19 Feb 2018
On the day before the Income Tax Rate Resolution is debated in the Scottish Parliament, statistics published by the OECD have confirmed that the Scottish economy continues to fall behind the rest of the developed world.
The independent Scottish Fiscal Commission has forecast Scottish GDP growth of just 0.2 per cent in Q4 2017. This compares to GDP growth in the OECD of 0.6 per cent for the same period.
This means that the Scottish economy is only growing at a third of the rate of the OECD as a whole, a third of the rate of the EU and less than half the rate of the UK as a whole.
By contrast, growth for the UK economy as a whole for this period was 0.5 per cent, which is in line with growth in the US, Germany and France.
Tomorrow, in the Scottish Rate Resolution debate in the Scottish Parliament, the SNP will make over one million taxpayers pay more tax than if they lived in the rest of the UK.
Scottish Conservative shadow economy secretary, Dean Lockhart said;
”The SNP are about to break a central manifesto promise and raise income taxes while the economy is falling far behind Europe and the UK.
“It is now clear that, after a decade in power, the SNP is responsible for the lowest trends in economic growth for 60 years.

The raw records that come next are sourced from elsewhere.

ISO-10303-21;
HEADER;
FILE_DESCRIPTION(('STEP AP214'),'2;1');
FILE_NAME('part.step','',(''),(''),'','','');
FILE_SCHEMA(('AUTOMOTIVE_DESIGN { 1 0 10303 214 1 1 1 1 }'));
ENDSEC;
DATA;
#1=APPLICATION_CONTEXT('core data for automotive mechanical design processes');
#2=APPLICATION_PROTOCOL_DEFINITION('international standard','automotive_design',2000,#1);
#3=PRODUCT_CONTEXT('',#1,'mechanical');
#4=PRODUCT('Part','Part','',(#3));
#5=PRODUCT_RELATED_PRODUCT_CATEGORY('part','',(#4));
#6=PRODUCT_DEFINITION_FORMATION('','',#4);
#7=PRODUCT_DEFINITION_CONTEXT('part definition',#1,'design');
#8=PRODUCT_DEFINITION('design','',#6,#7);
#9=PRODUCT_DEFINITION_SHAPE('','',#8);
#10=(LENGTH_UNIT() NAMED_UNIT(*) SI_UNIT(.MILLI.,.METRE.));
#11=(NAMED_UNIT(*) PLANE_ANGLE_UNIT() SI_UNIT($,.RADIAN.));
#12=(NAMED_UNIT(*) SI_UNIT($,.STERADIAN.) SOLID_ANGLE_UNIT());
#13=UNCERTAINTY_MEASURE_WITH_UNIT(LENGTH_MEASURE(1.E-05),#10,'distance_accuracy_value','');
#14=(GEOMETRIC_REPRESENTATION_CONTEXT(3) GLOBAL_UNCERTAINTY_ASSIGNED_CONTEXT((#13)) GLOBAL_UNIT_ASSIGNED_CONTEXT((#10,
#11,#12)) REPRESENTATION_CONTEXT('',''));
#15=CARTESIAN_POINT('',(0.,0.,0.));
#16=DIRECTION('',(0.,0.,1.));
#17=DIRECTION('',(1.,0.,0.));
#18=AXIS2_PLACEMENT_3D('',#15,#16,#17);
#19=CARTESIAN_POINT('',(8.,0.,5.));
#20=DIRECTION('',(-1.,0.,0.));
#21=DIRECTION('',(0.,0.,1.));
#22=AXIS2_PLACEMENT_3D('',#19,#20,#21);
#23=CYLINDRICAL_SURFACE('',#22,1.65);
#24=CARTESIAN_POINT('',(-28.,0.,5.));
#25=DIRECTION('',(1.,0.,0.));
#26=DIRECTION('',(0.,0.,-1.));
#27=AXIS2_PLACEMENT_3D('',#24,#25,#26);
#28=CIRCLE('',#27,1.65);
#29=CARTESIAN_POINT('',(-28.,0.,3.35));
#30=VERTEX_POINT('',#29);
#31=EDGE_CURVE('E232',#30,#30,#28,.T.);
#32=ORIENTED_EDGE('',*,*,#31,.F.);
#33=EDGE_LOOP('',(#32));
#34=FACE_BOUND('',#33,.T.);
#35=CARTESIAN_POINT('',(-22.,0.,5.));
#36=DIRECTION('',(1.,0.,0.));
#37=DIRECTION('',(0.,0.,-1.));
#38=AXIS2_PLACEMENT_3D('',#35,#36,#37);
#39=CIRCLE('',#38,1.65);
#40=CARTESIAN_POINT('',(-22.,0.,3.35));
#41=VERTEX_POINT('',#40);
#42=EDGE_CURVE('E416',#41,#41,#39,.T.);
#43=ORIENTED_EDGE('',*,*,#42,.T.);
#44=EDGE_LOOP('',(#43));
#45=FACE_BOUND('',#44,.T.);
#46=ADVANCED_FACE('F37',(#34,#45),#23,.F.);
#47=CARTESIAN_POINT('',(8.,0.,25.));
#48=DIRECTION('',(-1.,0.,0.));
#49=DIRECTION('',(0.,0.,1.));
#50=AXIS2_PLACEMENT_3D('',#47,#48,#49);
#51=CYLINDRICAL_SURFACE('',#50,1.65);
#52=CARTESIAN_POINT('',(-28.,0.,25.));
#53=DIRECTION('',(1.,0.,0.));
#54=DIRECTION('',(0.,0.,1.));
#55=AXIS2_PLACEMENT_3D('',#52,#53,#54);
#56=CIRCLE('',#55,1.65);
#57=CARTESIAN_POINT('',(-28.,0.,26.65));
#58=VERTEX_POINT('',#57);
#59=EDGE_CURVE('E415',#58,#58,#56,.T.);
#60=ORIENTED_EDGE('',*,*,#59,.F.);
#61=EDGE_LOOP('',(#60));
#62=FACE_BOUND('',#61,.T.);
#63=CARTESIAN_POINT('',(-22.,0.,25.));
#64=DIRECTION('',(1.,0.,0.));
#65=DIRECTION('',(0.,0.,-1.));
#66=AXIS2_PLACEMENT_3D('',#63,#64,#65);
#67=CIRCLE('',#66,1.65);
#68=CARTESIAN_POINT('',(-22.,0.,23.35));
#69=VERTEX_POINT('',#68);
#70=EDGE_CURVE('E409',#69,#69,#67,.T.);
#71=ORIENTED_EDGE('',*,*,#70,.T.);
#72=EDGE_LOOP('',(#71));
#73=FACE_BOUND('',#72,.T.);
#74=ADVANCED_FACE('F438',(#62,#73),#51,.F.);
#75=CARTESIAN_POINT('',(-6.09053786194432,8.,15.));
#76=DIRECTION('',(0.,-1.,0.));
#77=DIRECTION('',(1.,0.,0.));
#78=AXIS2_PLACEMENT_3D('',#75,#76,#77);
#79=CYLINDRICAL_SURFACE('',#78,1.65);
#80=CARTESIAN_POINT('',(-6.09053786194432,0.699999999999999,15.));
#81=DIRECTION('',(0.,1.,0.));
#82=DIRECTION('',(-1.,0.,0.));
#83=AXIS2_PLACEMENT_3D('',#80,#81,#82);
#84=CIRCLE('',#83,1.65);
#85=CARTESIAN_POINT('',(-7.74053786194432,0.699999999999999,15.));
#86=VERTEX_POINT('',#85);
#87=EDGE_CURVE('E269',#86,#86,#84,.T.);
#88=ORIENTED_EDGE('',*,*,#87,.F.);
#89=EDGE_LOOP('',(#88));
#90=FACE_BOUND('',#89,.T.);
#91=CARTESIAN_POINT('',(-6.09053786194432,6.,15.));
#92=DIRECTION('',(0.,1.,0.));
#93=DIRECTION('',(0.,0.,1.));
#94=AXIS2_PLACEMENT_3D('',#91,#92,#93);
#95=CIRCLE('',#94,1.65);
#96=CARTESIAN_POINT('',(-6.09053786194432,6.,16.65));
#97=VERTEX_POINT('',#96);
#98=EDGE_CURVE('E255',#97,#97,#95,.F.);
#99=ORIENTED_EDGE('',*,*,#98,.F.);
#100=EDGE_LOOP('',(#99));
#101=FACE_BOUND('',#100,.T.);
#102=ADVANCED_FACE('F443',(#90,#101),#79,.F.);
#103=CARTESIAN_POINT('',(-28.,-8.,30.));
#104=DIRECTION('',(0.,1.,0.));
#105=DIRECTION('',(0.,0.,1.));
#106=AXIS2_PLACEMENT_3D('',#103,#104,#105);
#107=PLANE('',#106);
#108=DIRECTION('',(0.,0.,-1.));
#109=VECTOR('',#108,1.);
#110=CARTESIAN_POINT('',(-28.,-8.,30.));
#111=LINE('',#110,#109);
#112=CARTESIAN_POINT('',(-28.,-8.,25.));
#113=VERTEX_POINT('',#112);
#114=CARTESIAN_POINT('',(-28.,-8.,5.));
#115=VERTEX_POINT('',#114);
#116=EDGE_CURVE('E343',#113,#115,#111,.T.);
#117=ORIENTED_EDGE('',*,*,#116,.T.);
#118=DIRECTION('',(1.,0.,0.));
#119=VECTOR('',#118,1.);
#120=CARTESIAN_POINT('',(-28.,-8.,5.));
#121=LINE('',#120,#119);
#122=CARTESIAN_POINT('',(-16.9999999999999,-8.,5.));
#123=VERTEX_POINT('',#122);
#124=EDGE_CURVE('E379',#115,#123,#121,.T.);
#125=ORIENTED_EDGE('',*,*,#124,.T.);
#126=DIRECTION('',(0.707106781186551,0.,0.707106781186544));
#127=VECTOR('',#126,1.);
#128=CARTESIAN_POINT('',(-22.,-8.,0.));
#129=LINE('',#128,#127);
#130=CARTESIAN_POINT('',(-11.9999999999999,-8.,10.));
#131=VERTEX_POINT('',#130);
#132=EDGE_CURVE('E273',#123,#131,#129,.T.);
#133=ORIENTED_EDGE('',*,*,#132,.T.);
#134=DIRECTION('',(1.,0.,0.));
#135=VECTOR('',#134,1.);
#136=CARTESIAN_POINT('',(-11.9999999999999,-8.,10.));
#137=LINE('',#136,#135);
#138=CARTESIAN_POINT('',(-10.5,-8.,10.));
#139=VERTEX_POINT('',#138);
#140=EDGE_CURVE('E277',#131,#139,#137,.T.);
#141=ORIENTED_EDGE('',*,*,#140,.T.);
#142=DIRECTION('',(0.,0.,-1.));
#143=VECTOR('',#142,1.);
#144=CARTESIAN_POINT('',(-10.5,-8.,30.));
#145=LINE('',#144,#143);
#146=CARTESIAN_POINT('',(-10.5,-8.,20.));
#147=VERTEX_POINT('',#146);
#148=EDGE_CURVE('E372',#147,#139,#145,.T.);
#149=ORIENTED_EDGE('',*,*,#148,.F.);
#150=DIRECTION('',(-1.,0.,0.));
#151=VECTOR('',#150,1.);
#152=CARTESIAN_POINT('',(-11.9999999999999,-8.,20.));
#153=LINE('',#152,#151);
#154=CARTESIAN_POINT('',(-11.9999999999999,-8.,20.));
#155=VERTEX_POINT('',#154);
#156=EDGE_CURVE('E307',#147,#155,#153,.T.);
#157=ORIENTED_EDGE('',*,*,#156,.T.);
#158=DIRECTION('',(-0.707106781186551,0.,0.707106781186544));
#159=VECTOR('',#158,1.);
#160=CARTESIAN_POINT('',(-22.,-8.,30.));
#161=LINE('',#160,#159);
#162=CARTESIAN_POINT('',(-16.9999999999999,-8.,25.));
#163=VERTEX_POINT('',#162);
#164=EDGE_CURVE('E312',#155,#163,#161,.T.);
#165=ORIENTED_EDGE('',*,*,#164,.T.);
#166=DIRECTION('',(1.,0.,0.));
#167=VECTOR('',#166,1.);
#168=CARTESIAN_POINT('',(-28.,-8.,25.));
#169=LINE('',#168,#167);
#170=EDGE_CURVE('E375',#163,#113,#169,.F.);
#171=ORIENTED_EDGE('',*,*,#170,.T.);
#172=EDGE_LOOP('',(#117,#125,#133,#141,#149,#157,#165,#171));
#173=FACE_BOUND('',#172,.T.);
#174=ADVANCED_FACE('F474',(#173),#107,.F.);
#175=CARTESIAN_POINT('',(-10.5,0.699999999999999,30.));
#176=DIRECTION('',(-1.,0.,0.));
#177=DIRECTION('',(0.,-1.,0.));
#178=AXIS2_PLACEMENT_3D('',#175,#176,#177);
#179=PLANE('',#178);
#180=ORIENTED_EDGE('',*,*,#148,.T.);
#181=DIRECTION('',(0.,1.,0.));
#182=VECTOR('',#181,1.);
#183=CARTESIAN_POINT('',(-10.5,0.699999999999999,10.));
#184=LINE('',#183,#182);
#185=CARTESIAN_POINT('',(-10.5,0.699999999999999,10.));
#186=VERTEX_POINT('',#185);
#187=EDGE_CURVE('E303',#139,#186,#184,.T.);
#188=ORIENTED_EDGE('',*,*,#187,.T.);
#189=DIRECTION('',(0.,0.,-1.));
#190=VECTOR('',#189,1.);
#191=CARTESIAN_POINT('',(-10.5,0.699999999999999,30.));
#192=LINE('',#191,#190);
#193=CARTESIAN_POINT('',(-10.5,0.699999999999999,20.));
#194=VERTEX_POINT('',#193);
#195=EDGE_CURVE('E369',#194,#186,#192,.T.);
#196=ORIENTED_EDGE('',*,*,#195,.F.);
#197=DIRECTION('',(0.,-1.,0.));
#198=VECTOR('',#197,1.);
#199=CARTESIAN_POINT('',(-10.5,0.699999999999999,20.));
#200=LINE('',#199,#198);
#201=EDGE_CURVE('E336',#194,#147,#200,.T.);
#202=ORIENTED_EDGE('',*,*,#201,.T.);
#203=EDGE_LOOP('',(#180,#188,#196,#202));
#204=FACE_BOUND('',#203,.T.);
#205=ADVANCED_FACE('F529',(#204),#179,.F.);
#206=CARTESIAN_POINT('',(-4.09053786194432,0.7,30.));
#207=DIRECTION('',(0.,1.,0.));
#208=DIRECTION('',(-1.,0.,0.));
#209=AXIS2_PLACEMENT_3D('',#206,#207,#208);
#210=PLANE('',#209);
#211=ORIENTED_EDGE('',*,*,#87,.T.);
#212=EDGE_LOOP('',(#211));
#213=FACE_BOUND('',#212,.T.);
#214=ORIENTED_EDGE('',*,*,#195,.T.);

“As leading commentators have highlighted, the SNP cannot continue to blame Brexit as Scotland lags well behind the rest of the UK.
“The SNP’s failure to grow our economy is directly responsible for less money being available for schools, hospitals and public services.
‘’The SNP’s only answer is to raise taxes despite protests from business groups who know this will simply damage the economy further.
“Once again the SNP is making hard-working taxpayers in Scotland pay more and get less.”